#### Aim of the task:
Work through the data and report how many lines include the string "radius", giving the number alone.

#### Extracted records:
---*---

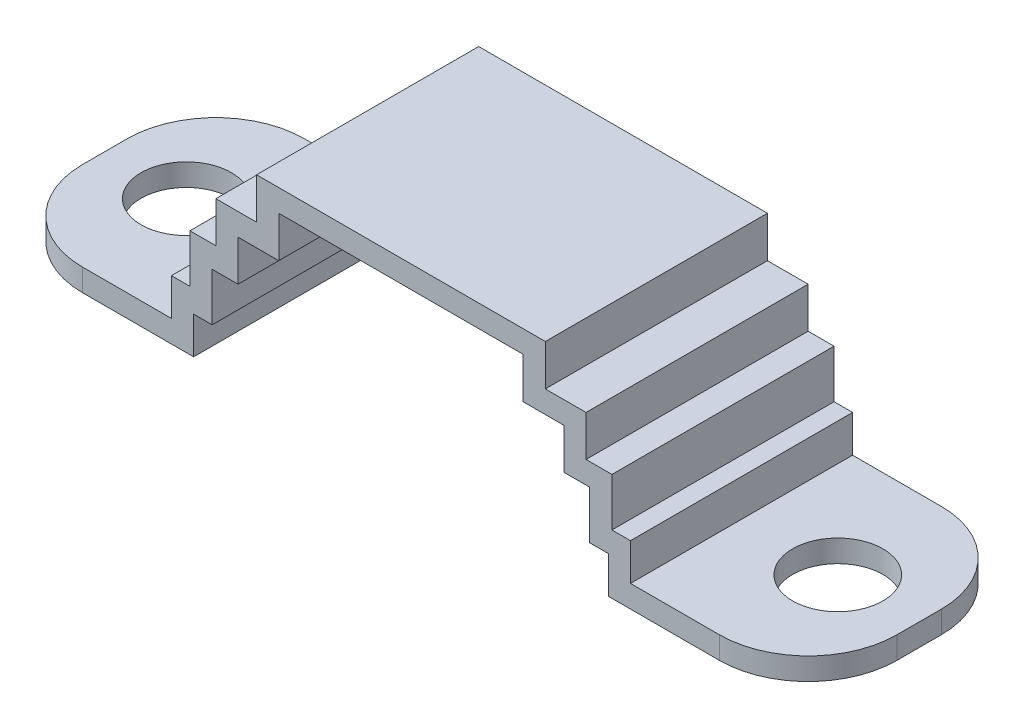
from build123d import *

# Parameters (mm, degrees)
EXTRUDE_THIN1_DEPTH  = 15
SKETCH2_R            = 6.1
CUT_EXTRUDE1_DEPTH   = 62.306626885
FILLET1_R            = 12
FILLET1_OF_MIRROR1_R = 12


with BuildPart() as part:
    # Sketch1 → Extrude-Thin1 (new, symmetric)
    with BuildSketch(Plane.XY):
        Polygon((-55, 4.5), (-28, 4.5), (-28, 9.5), (-25.5, 9.5), (-25.5, 16), (-22, 16), (-22, 21.5), (-16.5, 21.5), (-16.5, 27.05), (0, 27.05), (0, 30.05), (-19.5, 30.05), (-19.5, 24.5), (-25, 24.5), (-25, 19), (-28.5, 19), (-28.5, 12.5), (-31, 12.5), (-31, 7.5), (-55, 7.5), align=None)
    extrude_thin1 = extrude(amount=EXTRUDE_THIN1_DEPTH, both=True)

    # Sketch2 → Cut-Extrude1 (cut, through all)
    with BuildSketch(Plane(origin=(0, 7.5, 0), x_dir=(1, 0, 0), z_dir=(0, 1, 0))):
        with Locations(Location((-44, 0, 0), (0, 0, 270))):
            Circle(SKETCH2_R)
    cut_extrude1 = extrude(amount=-CUT_EXTRUDE1_DEPTH, mode=Mode.SUBTRACT)

    # Fillet1
    fillet1_edges = [part.edges().sort_by_distance(p)[0] for p in [
        (-55, 6, -15),
        (-55, 6, 15),
    ]]
    fillet(fillet1_edges, radius=FILLET1_R)

    # Mirror1: Extrude-Thin1, Cut-Extrude1 across plane
    add(extrude_thin1.mirror(Plane(origin=(0, 30.05, 15), x_dir=(0, 0, 1), z_dir=(1, 0, 0))))
    add(cut_extrude1.mirror(Plane(origin=(0, 30.05, 15), x_dir=(0, 0, 1), z_dir=(1, 0, 0))), mode=Mode.SUBTRACT)

    # Fillet1 of Mirror1
    fillet1_of_mirror1_edges = [part.edges().sort_by_distance(p)[0] for p in [
        (55, 6, -15),
        (55, 6, 15),
    ]]
    fillet(fillet1_of_mirror1_edges, radius=FILLET1_OF_MIRROR1_R)


solid = part.part
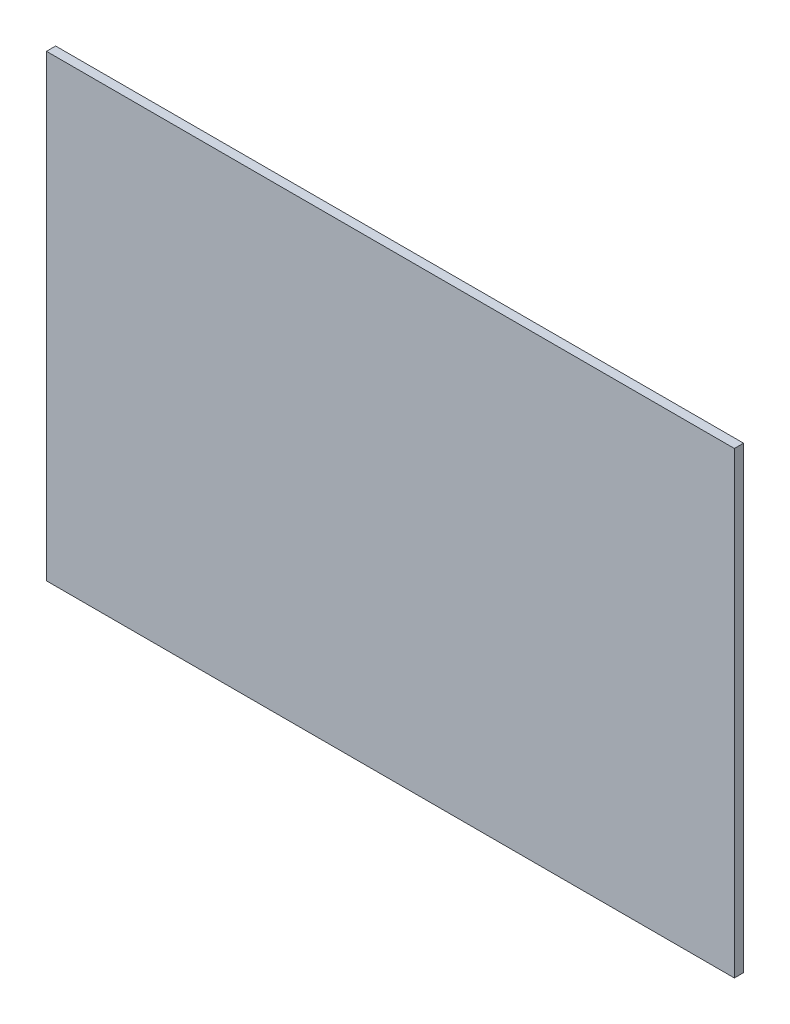
from build123d import *

# Parameters (mm, degrees)
SKETCH1_W           = 900
SKETCH1_H           = 600
BOSS_EXTRUDE1_DEPTH = 12


with BuildPart() as part:
    # Sketch1 → Boss-Extrude1 (new body)
    with BuildSketch(Plane.XY):
        with Locations((97.346938776, 300)):
            Rectangle(SKETCH1_W, SKETCH1_H)
    extrude(amount=-BOSS_EXTRUDE1_DEPTH)


solid = part.part
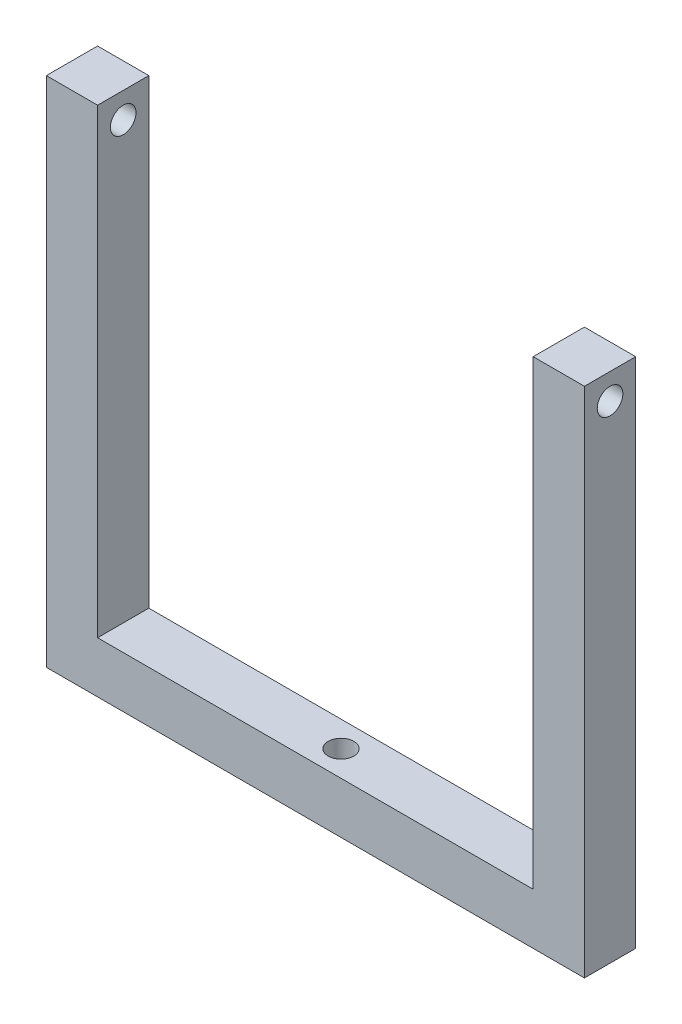
from build123d import *

# Parameters (mm, degrees)
BOSS_EXTRUDE1_DEPTH = 12.7
CUT_EXTRUDE1_REACH  = 186.587
SKETCH2_R           = 3.175
SKETCH3_R           = 3.175
CUT_EXTRUDE2_DEPTH  = 12.7


with BuildPart() as part:
    # Sketch1 → Boss-Extrude1 (new body)
    with BuildSketch(Plane.XY):
        Polygon((0, 0), (-12.7, 0), (-12.7, -127), (120.65, -127), (120.65, 0), (107.95, 0), (107.95, -114.3), (0, -114.3), align=None)
    extrude(amount=BOSS_EXTRUDE1_DEPTH)

    # Cut-Extrude1: up to this face of the body (flat: up to its plane)
    cut_extrude1_end = Plane(part.part.faces().sort_by_distance((120.65, -63.5, 6.35))[0])
    # Sketch2 → Cut-Extrude1 (cut, up to the picked face)
    with BuildSketch(Plane.ZY.offset(12.7), mode=Mode.PRIVATE) as cut_extrude1_sk1:
        with Locations(Location((6.35, -6.35, 0), (0, 0, 270))):
            Circle(SKETCH2_R)
    cut_extrude1_tool1 = split(extrude(cut_extrude1_sk1.sketch, amount=-CUT_EXTRUDE1_REACH, mode=Mode.PRIVATE), bisect_by=cut_extrude1_end, keep=Keep.BOTH, mode=Mode.PRIVATE)
    add(cut_extrude1_tool1.solids().sort_by(Axis((-12.7, -6.35, 6.35), (1, 0, 0)))[0], mode=Mode.SUBTRACT)

    # Sketch3 → Cut-Extrude2 (cut)
    with BuildSketch(Plane(origin=(0, -114.3, 0), x_dir=(1, 0, 0), z_dir=(0, 1, 0))):
        with Locations(Location((53.975, -6.35, 0), (0, 0, 180))):
            Circle(SKETCH3_R)
    extrude(amount=-CUT_EXTRUDE2_DEPTH, mode=Mode.SUBTRACT)


solid = part.part
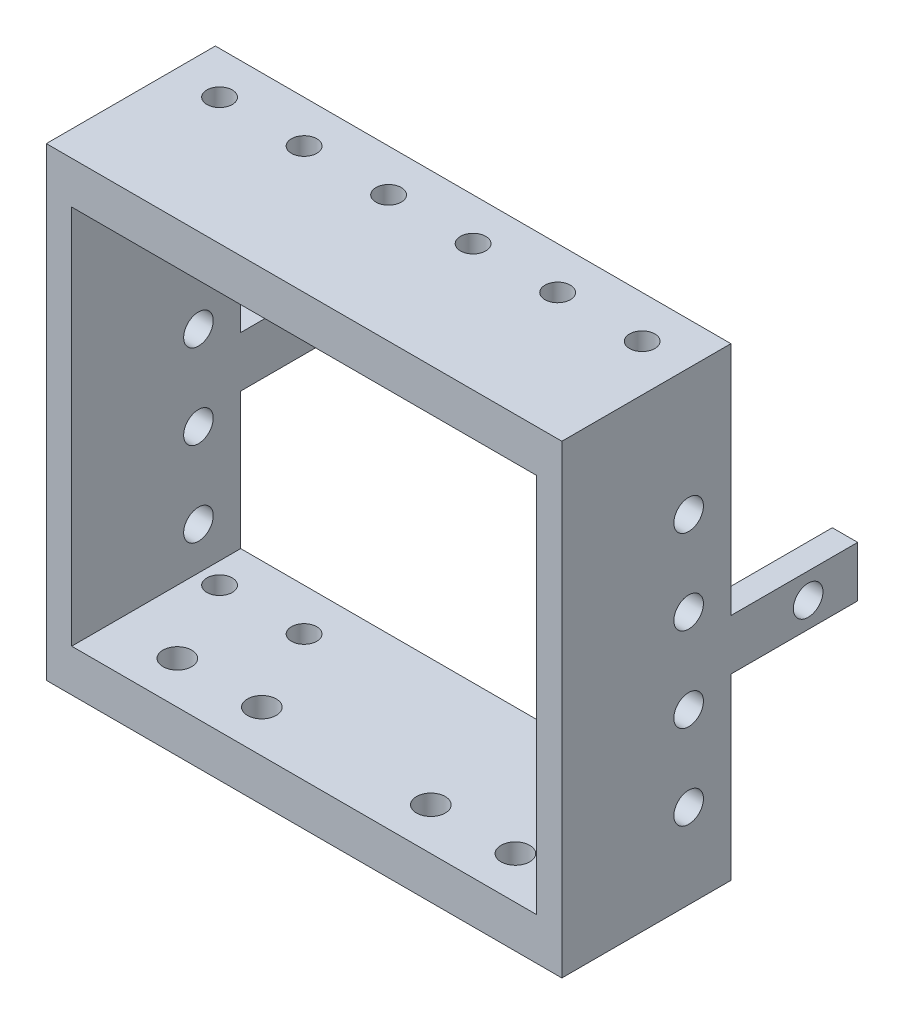
from build123d import *

# Parameters (mm, degrees)
SKETCH1_W           = 61
SKETCH1_H           = 10
SKETCH1_R           = 1.5
BOSS_EXTRUDE1_DEPTH = 5
SKETCH2_W           = 3
SKETCH2_H           = 10
BOSS_EXTRUDE2_DEPTH = 45
SKETCH3_R           = 1.75
CUT_EXTRUDE1_DEPTH  = 80.072172407
SKETCH4_W           = 15
SKETCH4_H           = 6
BOSS_EXTRUDE3_DEPTH = 3
SKETCH5_R           = 1.75
CUT_EXTRUDE2_DEPTH  = 82.52017035
SKETCH6_W           = 61
SKETCH6_H           = 10
SKETCH6_R           = 1.5
BOSS_EXTRUDE4_DEPTH = 5
SKETCH7_R           = 1.75
CUT_EXTRUDE3_DEPTH  = 85.679030308
SKETCH8_W           = 61
SKETCH8_H           = 55
SKETCH8_W_2         = 55
SKETCH8_H_2         = 45
BOSS_EXTRUDE5_DEPTH = 10
SKETCH13_R          = 1.7
CUT_EXTRUDE5_DEPTH  = 18


with BuildPart() as part:
    # Sketch1 → Boss-Extrude1 (new body)
    with BuildSketch(Plane(origin=(0, 0, 0), x_dir=(1, 0, 0), z_dir=(0, 1, 0))):
        with Locations((7.144615438, 0.604324155)):
            Rectangle(SKETCH1_W, SKETCH1_H)
        with Locations(Location((-17.855384562, 0.604324155, 0), (0, 0, 270))):
            Circle(SKETCH1_R, mode=Mode.SUBTRACT)
        with Locations(Location((-7.855384562, 0.604324155, 0), (0, 0, 270))):
            Circle(SKETCH1_R, mode=Mode.SUBTRACT)
        with Locations(Location((22.144615438, 0.604324155, 0), (0, 0, 270))):
            Circle(SKETCH1_R, mode=Mode.SUBTRACT)
        with Locations(Location((32.144615438, 0.604324155, 0), (0, 0, 270))):
            Circle(SKETCH1_R, mode=Mode.SUBTRACT)
    extrude(amount=BOSS_EXTRUDE1_DEPTH)

    # Sketch2 → Boss-Extrude2 (add)
    with BuildSketch(Plane(origin=(0, 5, 0), x_dir=(1, 0, 0), z_dir=(0, 1, 0))):
        with Locations((36.144615438, 0.604324155)):
            Rectangle(SKETCH2_W, SKETCH2_H)
        with Locations((-21.855384562, 0.604324155)):
            Rectangle(SKETCH2_W, SKETCH2_H)
    extrude(amount=BOSS_EXTRUDE2_DEPTH)

    # Sketch3 → Cut-Extrude1 (cut, through all)
    with BuildSketch(Plane.ZY.offset(23.355384562)):
        with Locations((-0.604324155, 10)):
            Circle(SKETCH3_R)
    extrude(amount=-CUT_EXTRUDE1_DEPTH, mode=Mode.SUBTRACT)

    # Sketch4 → Boss-Extrude3 (add)
    with BuildSketch(Plane.ZY.offset(23.355384562)):
        with Locations((-13.104324155, 24.14)):
            Rectangle(SKETCH4_W, SKETCH4_H)
    boss_extrude3 = extrude(amount=-BOSS_EXTRUDE3_DEPTH)

    # Mirror1: Boss-Extrude3 across plane
    add(boss_extrude3.mirror(Plane.ZY.offset(-7.144615438)))

    # Sketch5 → Cut-Extrude2 (cut, through all)
    with BuildSketch(Plane.ZY.offset(23.355384562)):
        with Locations((-14.744324155, 24.14)):
            Circle(SKETCH5_R)
    extrude(amount=-CUT_EXTRUDE2_DEPTH, mode=Mode.SUBTRACT)

    # Sketch6 → Boss-Extrude4 (add)
    with BuildSketch(Plane(origin=(0, 50, 0), x_dir=(1, 0, 0), z_dir=(0, 1, 0))):
        with Locations((7.144615438, 0.604324155)):
            Rectangle(SKETCH6_W, SKETCH6_H)
        with Locations(Location((2.144615438, 0.604324155, 0), (0, 0, 270))):
            Circle(SKETCH6_R, mode=Mode.SUBTRACT)
        with Locations(Location((12.144615438, 0.604324155, 0), (0, 0, 270))):
            Circle(SKETCH6_R, mode=Mode.SUBTRACT)
        with Locations(Location((-7.855384562, 0.604324155, 0), (0, 0, 270))):
            Circle(SKETCH6_R, mode=Mode.SUBTRACT)
        with Locations(Location((-17.855384562, 0.604324155, 0), (0, 0, 270))):
            Circle(SKETCH6_R, mode=Mode.SUBTRACT)
        with Locations(Location((22.144615438, 0.604324155, 0), (0, 0, 270))):
            Circle(SKETCH6_R, mode=Mode.SUBTRACT)
        with Locations(Location((32.144615438, 0.604324155, 0), (0, 0, 270))):
            Circle(SKETCH6_R, mode=Mode.SUBTRACT)
    extrude(amount=BOSS_EXTRUDE4_DEPTH)

    # Sketch7 → Cut-Extrude3 (cut, through all)
    with BuildSketch(Plane.ZY.offset(23.355384562)):
        with Locations((-0.604324155, 10)):
            Circle(SKETCH7_R)
        with Locations((-0.604324155, 20)):
            Circle(SKETCH7_R)
        with Locations((-0.604324155, 30)):
            Circle(SKETCH7_R)
        with Locations((-0.604324155, 40)):
            Circle(SKETCH7_R)
    extrude(amount=-CUT_EXTRUDE3_DEPTH, mode=Mode.SUBTRACT)

    # Sketch8 → Boss-Extrude5 (add)
    with BuildSketch(Plane.XY.offset(4.395675845)):
        with Locations((7.144615438, 27.5)):
            Rectangle(SKETCH8_W, SKETCH8_H)
        with Locations((7.144615438, 27.5)):
            Rectangle(SKETCH8_W_2, SKETCH8_H_2, mode=Mode.SUBTRACT)
    extrude(amount=BOSS_EXTRUDE5_DEPTH)

    # Sketch13 → Cut-Extrude5 (cut)
    with BuildSketch(Plane.XZ):
        with Locations(Location((-2.855384562, 9.395675845, 0), (0, 0, 270))):
            Circle(SKETCH13_R)
        with Locations(Location((-12.855384562, 9.395675845, 0), (0, 0, 270))):
            Circle(SKETCH13_R)
        with Locations(Location((17.144615438, 9.395675845, 0), (0, 0, 270))):
            Circle(SKETCH13_R)
        with Locations(Location((27.144615438, 9.395675845, 0), (0, 0, 270))):
            Circle(SKETCH13_R)
    extrude(amount=-CUT_EXTRUDE5_DEPTH, mode=Mode.SUBTRACT)


solid = part.part
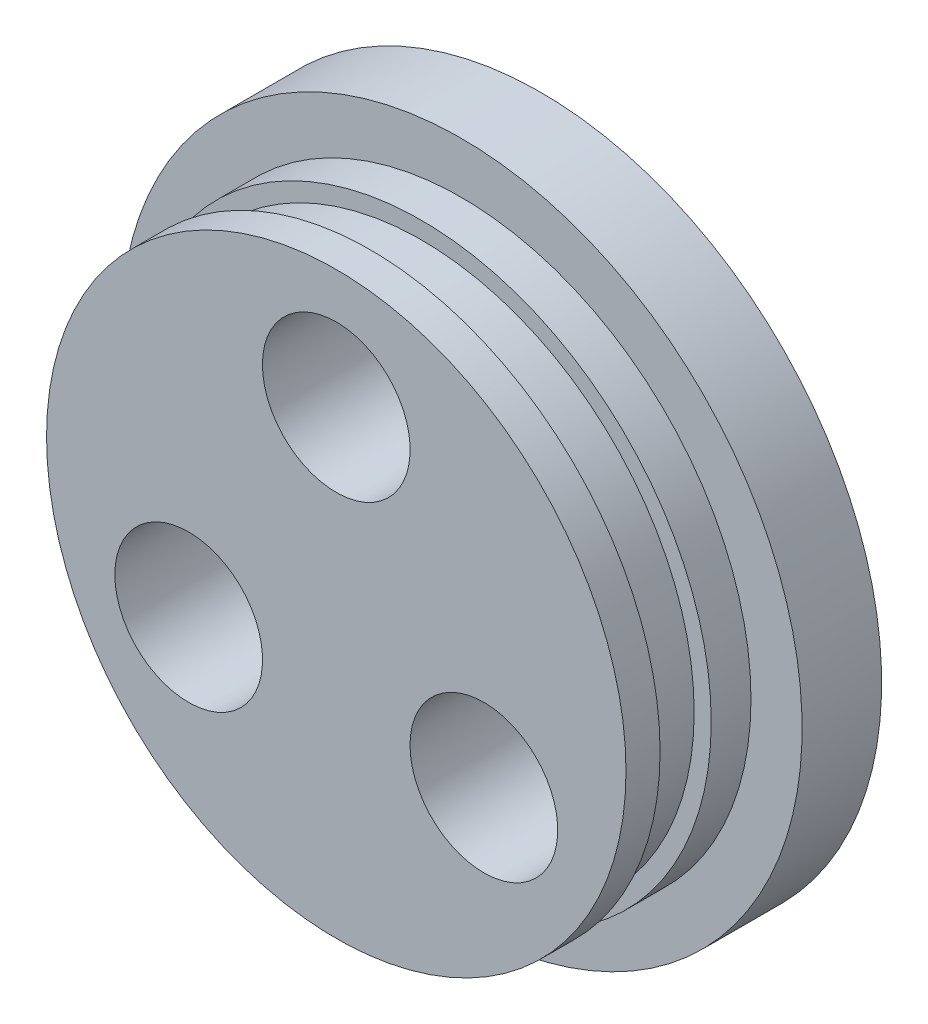
from build123d import *

# Parameters (mm, degrees)
SKETCH1_R           = 25.5
BOSS_EXTRUDE1_DEPTH = 11
SKETCH2_R           = 30
BOSS_EXTRUDE2_DEPTH = 7
SKETCH3_R           = 37.476082354
SKETCH3_R_2         = 24
CUT_EXTRUDE1_DEPTH  = 4.5
SKETCH5_R           = 6.5
CUT_EXTRUDE2_DEPTH  = 30.5


with BuildPart() as part:
    # Sketch1 → Boss-Extrude1 (new body)
    with BuildSketch(Plane.XY):
        Circle(SKETCH1_R)
    extrude(amount=BOSS_EXTRUDE1_DEPTH)

    # Sketch2 → Boss-Extrude2 (add)
    with BuildSketch(Plane(origin=(0, 0, 0), x_dir=(-1, 0, 0), z_dir=(0, 0, -1))):
        Circle(SKETCH2_R)
    extrude(amount=BOSS_EXTRUDE2_DEPTH)

    # Sketch3 → Cut-Extrude1 (cut)
    with BuildSketch(Plane.XY.offset(8)):
        Circle(SKETCH3_R)
        Circle(SKETCH3_R_2, mode=Mode.SUBTRACT)
    extrude(amount=-CUT_EXTRUDE1_DEPTH, mode=Mode.SUBTRACT)

    # Sketch5 → Cut-Extrude2 (cut)
    with BuildSketch(Plane(origin=(0, 0, -7), x_dir=(-1, 0, 0), z_dir=(0, 0, -1))):
        with Locations((0, 15)):
            Circle(SKETCH5_R)
        with Locations((-12.990381057, -7.5)):
            Circle(SKETCH5_R)
        with Locations((12.990381057, -7.5)):
            Circle(SKETCH5_R)
    extrude(amount=-CUT_EXTRUDE2_DEPTH, mode=Mode.SUBTRACT)


solid = part.part

---*---

#### Response box:
2